The Booming Memory Industry
Neuroscience

The Booming Memory Industry


My brain needs Viagra
Are memory lapses the result of stressful family lives or multi-tasking? Or maybe the simple aging process?
By JAN WONG
The Globe and Mail
Saturday, March 12, 2005 Updated at 9:26 AM EST

[snip]

Senior moments are becoming boomer moments. So what? Well, this generation is the first in history to try to beat back the mental ravages of aging. (And if we aren't the first, we think we are.)

Boomers, after all, never resigned themselves to grey hair, wrinkles and bifocals. Instead, we embrace Botox, hair dye and laser-eye surgery, even if we have to get one eye done for reading, the other for distance.

Now, we want to fight the invisible. We want to stave off the inevitable winter of the mind. We want Viagra for the brain.

"Perhaps boomers are more self-conscious, literally. They don't like to reveal imperfection," says Fergus Craik, 69, a research psychologist at the Rotman Research Institute in Toronto.

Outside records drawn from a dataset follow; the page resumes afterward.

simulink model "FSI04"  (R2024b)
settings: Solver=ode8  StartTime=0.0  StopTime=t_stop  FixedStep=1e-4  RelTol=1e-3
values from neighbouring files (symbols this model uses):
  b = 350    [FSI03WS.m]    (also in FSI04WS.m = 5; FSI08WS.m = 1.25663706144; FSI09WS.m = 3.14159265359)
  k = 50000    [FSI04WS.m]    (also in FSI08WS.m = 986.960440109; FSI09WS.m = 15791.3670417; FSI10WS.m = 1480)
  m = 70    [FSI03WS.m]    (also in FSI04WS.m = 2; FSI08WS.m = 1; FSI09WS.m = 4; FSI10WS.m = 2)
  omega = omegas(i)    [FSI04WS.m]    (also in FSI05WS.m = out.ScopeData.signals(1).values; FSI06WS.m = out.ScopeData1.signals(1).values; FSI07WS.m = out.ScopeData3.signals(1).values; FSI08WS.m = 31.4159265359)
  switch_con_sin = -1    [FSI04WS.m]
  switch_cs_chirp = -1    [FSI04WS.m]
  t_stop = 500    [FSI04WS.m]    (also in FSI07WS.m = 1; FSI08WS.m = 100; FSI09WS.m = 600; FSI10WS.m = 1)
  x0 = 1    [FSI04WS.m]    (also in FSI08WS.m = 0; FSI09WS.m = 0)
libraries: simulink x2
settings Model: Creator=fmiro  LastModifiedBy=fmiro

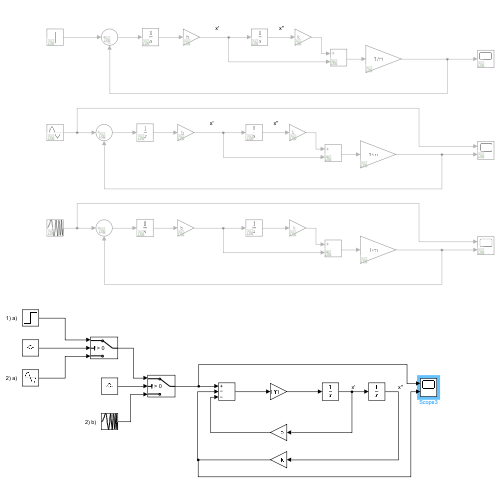
[thumbnail: Simulink's stored preview of the top-level diagram]
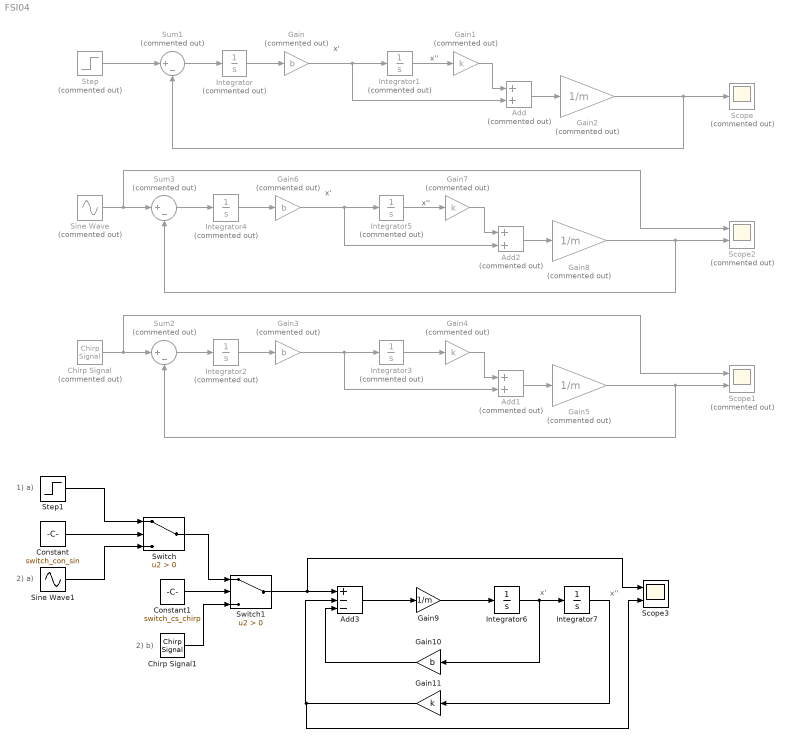
== system FSI04 ==
  note: 2) a)
  note: x''
  note: x'
  note: x'
  note: x''
  note: x''
  note: x'
  note: 1) a)
  note: 2) b)
  Add : Sum  Commented=on
  Add1 : Sum  Commented=on
  Add2 : Sum  Commented=on
  Add3 : Sum  Inputs=+--
  Chirp Signal : simulink/Sources/Chirp Signal  Commented=on  f1=chirp_start  T=3  f2=1
  Chirp Signal1 : simulink/Sources/Chirp Signal  f1=chirp_start  T=t_stop  f2=chirp_end
  Constant : Constant  Value=switch_con_sin
  Constant1 : Constant  Value=switch_cs_chirp
  Gain : Gain  Commented=on  Gain=b
  Gain1 : Gain  Commented=on  Gain=k
  Gain10 : Gain  Gain=b
  Gain11 : Gain  Gain=k
  Gain2 : Gain  Commented=on  Gain=1/m
  Gain3 : Gain  Commented=on  Gain=b
  Gain4 : Gain  Commented=on  Gain=k
  Gain5 : Gain  Commented=on  Gain=1/m
  Gain6 : Gain  Commented=on  Gain=b
  Gain7 : Gain  Commented=on  Gain=k
  Gain8 : Gain  Commented=on  Gain=1/m
  Gain9 : Gain  Gain=1/m
  Integrator{,1..5} (6 alike) : Integrator  Commented=on
  Integrator6 : Integrator
  Integrator7 : Integrator
  Scope : Scope  Commented=on
  Scope1 : Scope  Commented=on  NumInputPorts=2
  Scope2 : Scope  Commented=on  NumInputPorts=2
  Scope3 : Scope  NumInputPorts=2
  Sine Wave : Sin  Commented=on  Frequency=omega  SampleTime=0
  Sine Wave1 : Sin  Frequency=omega  SampleTime=0
  Step : Step  Commented=on  Time=0  After=x0  SampleTime=0
  Step1 : Step  Time=0  After=x0  SampleTime=0
  Sum1 : Sum  Commented=on  Inputs=|+-
  Sum2 : Sum  Commented=on  Inputs=|+-
  Sum3 : Sum  Commented=on  Inputs=|+-
  Switch : Switch  Criteria=u2 > Threshold  SaturateOnIntegerOverflow=off  InputSameDT=off
  Switch1 : Switch  Criteria=u2 > Threshold  SaturateOnIntegerOverflow=off  InputSameDT=off
  wires:
  Add/1 -> Gain2/1
  Gain2/1 -> Scope/1, Sum1/2
  Step/1 -> Sum1/1
  Integrator/1 -> Gain/1
  Sum1/1 -> Integrator/1
  Gain/1 -> Integrator1/1, Add/2
  Integrator1/1 -> Gain1/1
  Gain1/1 -> Add/1
  Gain4/1 -> Add1/1
  Chirp Signal/1 -> Scope1/1, Sum2/1
  Sum2/1 -> Integrator2/1
  Integrator3/1 -> Gain4/1
  Gain3/1 -> Integrator3/1, Add1/2
  Gain5/1 -> Sum2/2, Scope1/2
  Integrator2/1 -> Gain3/1
  Add1/1 -> Gain5/1
  Add2/1 -> Gain8/1
  Sine Wave/1 -> Scope2/1, Sum3/1
  Gain7/1 -> Add2/1
  Gain6/1 -> Integrator5/1, Add2/2
  Integrator4/1 -> Gain6/1
  Integrator5/1 -> Gain7/1
  Gain8/1 -> Sum3/2, Scope2/2
  Sum3/1 -> Integrator4/1
  Step1/1 -> Switch/1
  Sine Wave1/1 -> Switch/3
  Switch/1 -> Switch1/1
  Chirp Signal1/1 -> Switch1/3
  Constant/1 -> Switch/2
  Constant1/1 -> Switch1/2
  Switch1/1 -> Scope3/1, Add3/1
  Add3/1 -> Gain9/1
  Gain9/1 -> Integrator6/1
  Integrator6/1 -> Integrator7/1, Gain10/1
  Gain10/1 -> Add3/3
  Integrator7/1 -> Gain11/1
  Gain11/1 -> Scope3/2, Add3/2

His colleague, Morris Moscovitch, says that in the 1990s, reporters would interview him for memory stories once every three years. Now, he gets a call every three months. "I was thinking it was because I was becoming more prominent, but it may be because more editors are boomers," jokes Dr. Moscovitch, 59, a professor of psychology at the University of Toronto and a Rotman senior scientist.

Indeed, the memory industry is booming. There are workshops, self-help books, flash cards, board games, video games and dietary supplements. On-line sites vie to remind forgetful customers of important dates. The hottest trend is mental-gymnastics software, even though it hasn't been shown conclusively to limber up the brain.